Task description: With the line containing "#131=CARTESIAN_POINT('',(-0.57785,1.72815,-0.125));" as the start and the line containing "#137=DIRECTION('',(0.,0.,1.));" as the end, transcribe that span of the entries below exactly, including both.
Listed entries: Begin
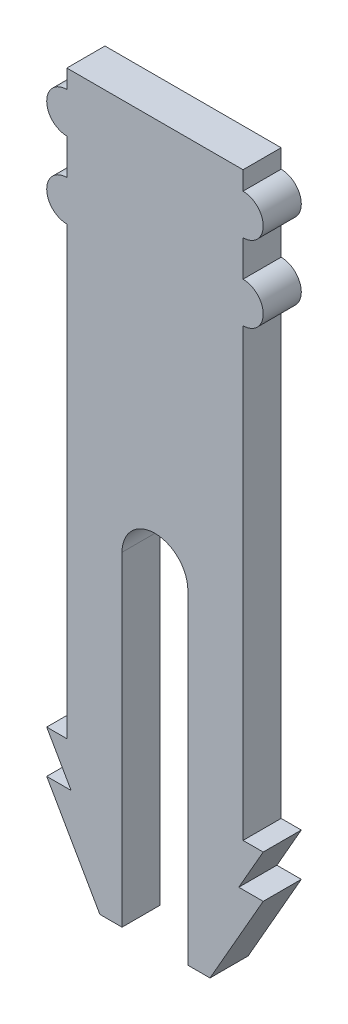
ISO-10303-21;
HEADER;
FILE_DESCRIPTION(('STEP AP214'),'2;1');
FILE_NAME('part.step','',(''),(''),'','','');
FILE_SCHEMA(('AUTOMOTIVE_DESIGN { 1 0 10303 214 1 1 1 1 }'));
ENDSEC;
DATA;
#1=APPLICATION_CONTEXT('core data for automotive mechanical design processes');
#2=APPLICATION_PROTOCOL_DEFINITION('international standard','automotive_design',2000,#1);
#3=PRODUCT_CONTEXT('',#1,'mechanical');
#4=PRODUCT('Part','Part','',(#3));
#5=PRODUCT_RELATED_PRODUCT_CATEGORY('part','',(#4));
#6=PRODUCT_DEFINITION_FORMATION('','',#4);
#7=PRODUCT_DEFINITION_CONTEXT('part definition',#1,'design');
#8=PRODUCT_DEFINITION('design','',#6,#7);
#9=PRODUCT_DEFINITION_SHAPE('','',#8);
#10=(LENGTH_UNIT() NAMED_UNIT(*) SI_UNIT(.MILLI.,.METRE.));
#11=(NAMED_UNIT(*) PLANE_ANGLE_UNIT() SI_UNIT($,.RADIAN.));
#12=(NAMED_UNIT(*) SI_UNIT($,.STERADIAN.) SOLID_ANGLE_UNIT());
#13=UNCERTAINTY_MEASURE_WITH_UNIT(LENGTH_MEASURE(1.E-05),#10,'distance_accuracy_value','');
#14=(GEOMETRIC_REPRESENTATION_CONTEXT(3) GLOBAL_UNCERTAINTY_ASSIGNED_CONTEXT((#13)) GLOBAL_UNIT_ASSIGNED_CONTEXT((#10,
#11,#12)) REPRESENTATION_CONTEXT('',''));
#15=CARTESIAN_POINT('',(0.,0.,0.));
#16=DIRECTION('',(0.,0.,1.));
#17=DIRECTION('',(1.,0.,0.));
#18=AXIS2_PLACEMENT_3D('',#15,#16,#17);
#19=CARTESIAN_POINT('',(-0.71,-1.46,0.125));
#20=DIRECTION('',(0.868042753796934,0.496489453644925,0.));
#21=DIRECTION('',(-0.496489453644925,0.868042753796934,0.));
#22=AXIS2_PLACEMENT_3D('',#19,#20,#21);
#23=PLANE('',#22);
#24=DIRECTION('',(0.496489453644925,-0.868042753796934,0.));
#25=VECTOR('',#24,1.);
#26=CARTESIAN_POINT('',(-0.71,-1.46,-0.125));
#27=LINE('',#26,#25);
#28=CARTESIAN_POINT('',(-0.71,-1.46,-0.125));
#29=VERTEX_POINT('',#28);
#30=CARTESIAN_POINT('',(-0.54985,-1.74,-0.125));
#31=VERTEX_POINT('',#30);
#32=EDGE_CURVE('E11',#29,#31,#27,.T.);
#33=ORIENTED_EDGE('',*,*,#32,.T.);
#34=DIRECTION('',(0.,0.,-1.));
#35=VECTOR('',#34,1.);
#36=CARTESIAN_POINT('',(-0.54985,-1.74,0.125));
#37=LINE('',#36,#35);
#38=CARTESIAN_POINT('',(-0.54985,-1.74,0.125));
#39=VERTEX_POINT('',#38);
#40=EDGE_CURVE('E25',#39,#31,#37,.T.);
#41=ORIENTED_EDGE('',*,*,#40,.F.);
#42=DIRECTION('',(0.496489453644925,-0.868042753796934,0.));
#43=VECTOR('',#42,1.);
#44=CARTESIAN_POINT('',(-0.71,-1.46,0.125));
#45=LINE('',#44,#43);
#46=CARTESIAN_POINT('',(-0.71,-1.46,0.125));
#47=VERTEX_POINT('',#46);
#48=EDGE_CURVE('E499',#47,#39,#45,.T.);
#49=ORIENTED_EDGE('',*,*,#48,.F.);
#50=DIRECTION('',(0.,0.,-1.));
#51=VECTOR('',#50,1.);
#52=CARTESIAN_POINT('',(-0.71,-1.46,0.125));
#53=LINE('',#52,#51);
#54=EDGE_CURVE('E495',#47,#29,#53,.T.);
#55=ORIENTED_EDGE('',*,*,#54,.T.);
#56=EDGE_LOOP('',(#33,#41,#49,#55));
#57=FACE_BOUND('',#56,.T.);
#58=ADVANCED_FACE('F17',(#57),#23,.F.);
#59=CARTESIAN_POINT('',(-0.57785,-1.46,0.125));
#60=DIRECTION('',(0.,-1.,0.));
#61=DIRECTION('',(0.,0.,-1.));
#62=AXIS2_PLACEMENT_3D('',#59,#60,#61);
#63=PLANE('',#62);
#64=DIRECTION('',(-1.,0.,0.));
#65=VECTOR('',#64,1.);
#66=CARTESIAN_POINT('',(-0.57785,-1.46,-0.125));
#67=LINE('',#66,#65);
#68=CARTESIAN_POINT('',(-0.57785,-1.46,-0.125));
#69=VERTEX_POINT('',#68);
#70=EDGE_CURVE('E490',#69,#29,#67,.T.);
#71=ORIENTED_EDGE('',*,*,#70,.T.);
#72=ORIENTED_EDGE('',*,*,#54,.F.);
#73=DIRECTION('',(-1.,0.,0.));
#74=VECTOR('',#73,1.);
#75=CARTESIAN_POINT('',(-0.57785,-1.46,0.125));
#76=LINE('',#75,#74);
#77=CARTESIAN_POINT('',(-0.57785,-1.46,0.125));
#78=VERTEX_POINT('',#77);
#79=EDGE_CURVE('E485',#78,#47,#76,.T.);
#80=ORIENTED_EDGE('',*,*,#79,.F.);
#81=DIRECTION('',(0.,0.,-1.));
#82=VECTOR('',#81,1.);
#83=CARTESIAN_POINT('',(-0.57785,-1.46,0.125));
#84=LINE('',#83,#82);
#85=EDGE_CURVE('E481',#78,#69,#84,.T.);
#86=ORIENTED_EDGE('',*,*,#85,.T.);
#87=EDGE_LOOP('',(#71,#72,#80,#86));
#88=FACE_BOUND('',#87,.T.);
#89=ADVANCED_FACE('F511',(#88),#63,.F.);
#90=CARTESIAN_POINT('',(-0.57785,1.46385,0.125));
#91=DIRECTION('',(1.,0.,0.));
#92=DIRECTION('',(0.,0.,-1.));
#93=AXIS2_PLACEMENT_3D('',#90,#91,#92);
#94=PLANE('',#93);
#95=DIRECTION('',(0.,-1.,0.));
#96=VECTOR('',#95,1.);
#97=CARTESIAN_POINT('',(-0.57785,1.46385,-0.125));
#98=LINE('',#97,#96);
#99=CARTESIAN_POINT('',(-0.57785,1.46385,-0.125));
#100=VERTEX_POINT('',#99);
#101=EDGE_CURVE('E476',#100,#69,#98,.T.);
#102=ORIENTED_EDGE('',*,*,#101,.T.);
#103=ORIENTED_EDGE('',*,*,#85,.F.);
#104=DIRECTION('',(0.,-1.,0.));
#105=VECTOR('',#104,1.);
#106=CARTESIAN_POINT('',(-0.57785,1.46385,0.125));
#107=LINE('',#106,#105);
#108=CARTESIAN_POINT('',(-0.57785,1.46385,0.125));
#109=VERTEX_POINT('',#108);
#110=EDGE_CURVE('E471',#109,#78,#107,.T.);
#111=ORIENTED_EDGE('',*,*,#110,.F.);
#112=DIRECTION('',(0.,0.,-1.));
#113=VECTOR('',#112,1.);
#114=CARTESIAN_POINT('',(-0.57785,1.46385,0.125));
#115=LINE('',#114,#113);
#116=EDGE_CURVE('E467',#109,#100,#115,.T.);
#117=ORIENTED_EDGE('',*,*,#116,.T.);
#118=EDGE_LOOP('',(#102,#103,#111,#117));
#119=FACE_BOUND('',#118,.T.);
#120=ADVANCED_FACE('F518',(#119),#94,.F.);
#121=CARTESIAN_POINT('',(-0.57785,1.596,0.125));
#122=DIRECTION('',(0.,0.,1.));
#123=DIRECTION('',(1.,0.,0.));
#124=AXIS2_PLACEMENT_3D('',#121,#122,#123);
#125=CYLINDRICAL_SURFACE('',#124,0.13215);
#126=CARTESIAN_POINT('',(-0.57785,1.596,-0.125));
#127=DIRECTION('',(0.,0.,1.));
#128=DIRECTION('',(1.,0.,0.));
#129=AXIS2_PLACEMENT_3D('',#126,#127,#128);
#130=CIRCLE('',#129,0.13215);
#131=CARTESIAN_POINT('',(-0.57785,1.72815,-0.125));
#132=VERTEX_POINT('',#131);
#133=EDGE_CURVE('E462',#132,#100,#130,.T.);
#134=ORIENTED_EDGE('',*,*,#133,.T.);
#135=ORIENTED_EDGE('',*,*,#116,.F.);
#136=CARTESIAN_POINT('',(-0.57785,1.596,0.125));
#137=DIRECTION('',(0.,0.,1.));
#138=DIRECTION('',(1.,0.,0.));
#139=AXIS2_PLACEMENT_3D('',#136,#137,#138);
#140=CIRCLE('',#139,0.13215);
#141=CARTESIAN_POINT('',(-0.57785,1.72815,0.125));
#142=VERTEX_POINT('',#141);
#143=EDGE_CURVE('E457',#142,#109,#140,.T.);
#144=ORIENTED_EDGE('',*,*,#143,.F.);
#145=DIRECTION('',(0.,0.,-1.));
#146=VECTOR('',#145,1.);
#147=CARTESIAN_POINT('',(-0.57785,1.72815,0.125));
#148=LINE('',#147,#146);
#149=EDGE_CURVE('E453',#142,#132,#148,.T.);
#150=ORIENTED_EDGE('',*,*,#149,.T.);
#151=EDGE_LOOP('',(#134,#135,#144,#150));
#152=FACE_BOUND('',#151,.T.);
#153=ADVANCED_FACE('F521',(#152),#125,.T.);
#154=CARTESIAN_POINT('',(-0.57785,1.96385,0.125));
#155=DIRECTION('',(1.,0.,0.));
#156=DIRECTION('',(0.,0.,-1.));
#157=AXIS2_PLACEMENT_3D('',#154,#155,#156);
#158=PLANE('',#157);
#159=DIRECTION('',(0.,-1.,0.));
#160=VECTOR('',#159,1.);
#161=CARTESIAN_POINT('',(-0.57785,1.96385,-0.125));
#162=LINE('',#161,#160);
#163=CARTESIAN_POINT('',(-0.57785,1.96385,-0.125));
#164=VERTEX_POINT('',#163);
#165=EDGE_CURVE('E448',#164,#132,#162,.T.);
#166=ORIENTED_EDGE('',*,*,#165,.T.);
#167=ORIENTED_EDGE('',*,*,#149,.F.);
#168=DIRECTION('',(0.,-1.,0.));
#169=VECTOR('',#168,1.);
#170=CARTESIAN_POINT('',(-0.57785,1.96385,0.125));
#171=LINE('',#170,#169);
#172=CARTESIAN_POINT('',(-0.57785,1.96385,0.125));
#173=VERTEX_POINT('',#172);
#174=EDGE_CURVE('E443',#173,#142,#171,.T.);
#175=ORIENTED_EDGE('',*,*,#174,.F.);
#176=DIRECTION('',(0.,0.,-1.));
#177=VECTOR('',#176,1.);
#178=CARTESIAN_POINT('',(-0.57785,1.96385,0.125));
#179=LINE('',#178,#177);
#180=EDGE_CURVE('E439',#173,#164,#179,.T.);
#181=ORIENTED_EDGE('',*,*,#180,.T.);
#182=EDGE_LOOP('',(#166,#167,#175,#181));
#183=FACE_BOUND('',#182,.T.);
#184=ADVANCED_FACE('F524',(#183),#158,.F.);
#185=CARTESIAN_POINT('',(-0.57785,2.096,0.125));
#186=DIRECTION('',(0.,0.,1.));
#187=DIRECTION('',(1.,0.,0.));
#188=AXIS2_PLACEMENT_3D('',#185,#186,#187);
#189=CYLINDRICAL_SURFACE('',#188,0.13215);
#190=CARTESIAN_POINT('',(-0.57785,2.096,-0.125));
#191=DIRECTION('',(0.,0.,1.));
#192=DIRECTION('',(1.,0.,0.));
#193=AXIS2_PLACEMENT_3D('',#190,#191,#192);
#194=CIRCLE('',#193,0.13215);
#195=CARTESIAN_POINT('',(-0.57785,2.22815,-0.125));
#196=VERTEX_POINT('',#195);
#197=EDGE_CURVE('E434',#196,#164,#194,.T.);
#198=ORIENTED_EDGE('',*,*,#197,.T.);
#199=ORIENTED_EDGE('',*,*,#180,.F.);
#200=CARTESIAN_POINT('',(-0.57785,2.096,0.125));
#201=DIRECTION('',(0.,0.,1.));
#202=DIRECTION('',(1.,0.,0.));
#203=AXIS2_PLACEMENT_3D('',#200,#201,#202);
#204=CIRCLE('',#203,0.13215);
#205=CARTESIAN_POINT('',(-0.57785,2.22815,0.125));
#206=VERTEX_POINT('',#205);
#207=EDGE_CURVE('E429',#206,#173,#204,.T.);
#208=ORIENTED_EDGE('',*,*,#207,.F.);
#209=DIRECTION('',(0.,0.,-1.));
#210=VECTOR('',#209,1.);
#211=CARTESIAN_POINT('',(-0.57785,2.22815,0.125));
#212=LINE('',#211,#210);
#213=EDGE_CURVE('E425',#206,#196,#212,.T.);
#214=ORIENTED_EDGE('',*,*,#213,.T.);
#215=EDGE_LOOP('',(#198,#199,#208,#214));
#216=FACE_BOUND('',#215,.T.);
#217=ADVANCED_FACE('F530',(#216),#189,.T.);
#218=CARTESIAN_POINT('',(-0.57785,2.35,0.125));
#219=DIRECTION('',(1.,0.,0.));
#220=DIRECTION('',(0.,0.,-1.));
#221=AXIS2_PLACEMENT_3D('',#218,#219,#220);
#222=PLANE('',#221);
#223=DIRECTION('',(0.,-1.,0.));
#224=VECTOR('',#223,1.);
#225=CARTESIAN_POINT('',(-0.57785,2.35,-0.125));
#226=LINE('',#225,#224);
#227=CARTESIAN_POINT('',(-0.57785,2.35,-0.125));
#228=VERTEX_POINT('',#227);
#229=EDGE_CURVE('E420',#228,#196,#226,.T.);
#230=ORIENTED_EDGE('',*,*,#229,.T.);
#231=ORIENTED_EDGE('',*,*,#213,.F.);
#232=DIRECTION('',(0.,-1.,0.));
#233=VECTOR('',#232,1.);
#234=CARTESIAN_POINT('',(-0.57785,2.35,0.125));
#235=LINE('',#234,#233);
#236=CARTESIAN_POINT('',(-0.57785,2.35,0.125));
#237=VERTEX_POINT('',#236);
#238=EDGE_CURVE('E415',#237,#206,#235,.T.);
#239=ORIENTED_EDGE('',*,*,#238,.F.);
#240=DIRECTION('',(0.,0.,-1.));
#241=VECTOR('',#240,1.);
#242=CARTESIAN_POINT('',(-0.57785,2.35,0.125));
#243=LINE('',#242,#241);
#244=EDGE_CURVE('E411',#237,#228,#243,.T.);
#245=ORIENTED_EDGE('',*,*,#244,.T.);
#246=EDGE_LOOP('',(#230,#231,#239,#245));
#247=FACE_BOUND('',#246,.T.);
#248=ADVANCED_FACE('F533',(#247),#222,.F.);
#249=CARTESIAN_POINT('',(0.57785,2.35,0.125));
#250=DIRECTION('',(0.,-1.,0.));
#251=DIRECTION('',(0.,0.,-1.));
#252=AXIS2_PLACEMENT_3D('',#249,#250,#251);
#253=PLANE('',#252);
#254=DIRECTION('',(-1.,0.,0.));
#255=VECTOR('',#254,1.);
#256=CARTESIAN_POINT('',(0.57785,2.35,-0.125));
Listed entries: End
Output below:
#131=CARTESIAN_POINT('',(-0.57785,1.72815,-0.125));
#132=VERTEX_POINT('',#131);
#133=EDGE_CURVE('E462',#132,#100,#130,.T.);
#134=ORIENTED_EDGE('',*,*,#133,.T.);
#135=ORIENTED_EDGE('',*,*,#116,.F.);
#136=CARTESIAN_POINT('',(-0.57785,1.596,0.125));
#137=DIRECTION('',(0.,0.,1.));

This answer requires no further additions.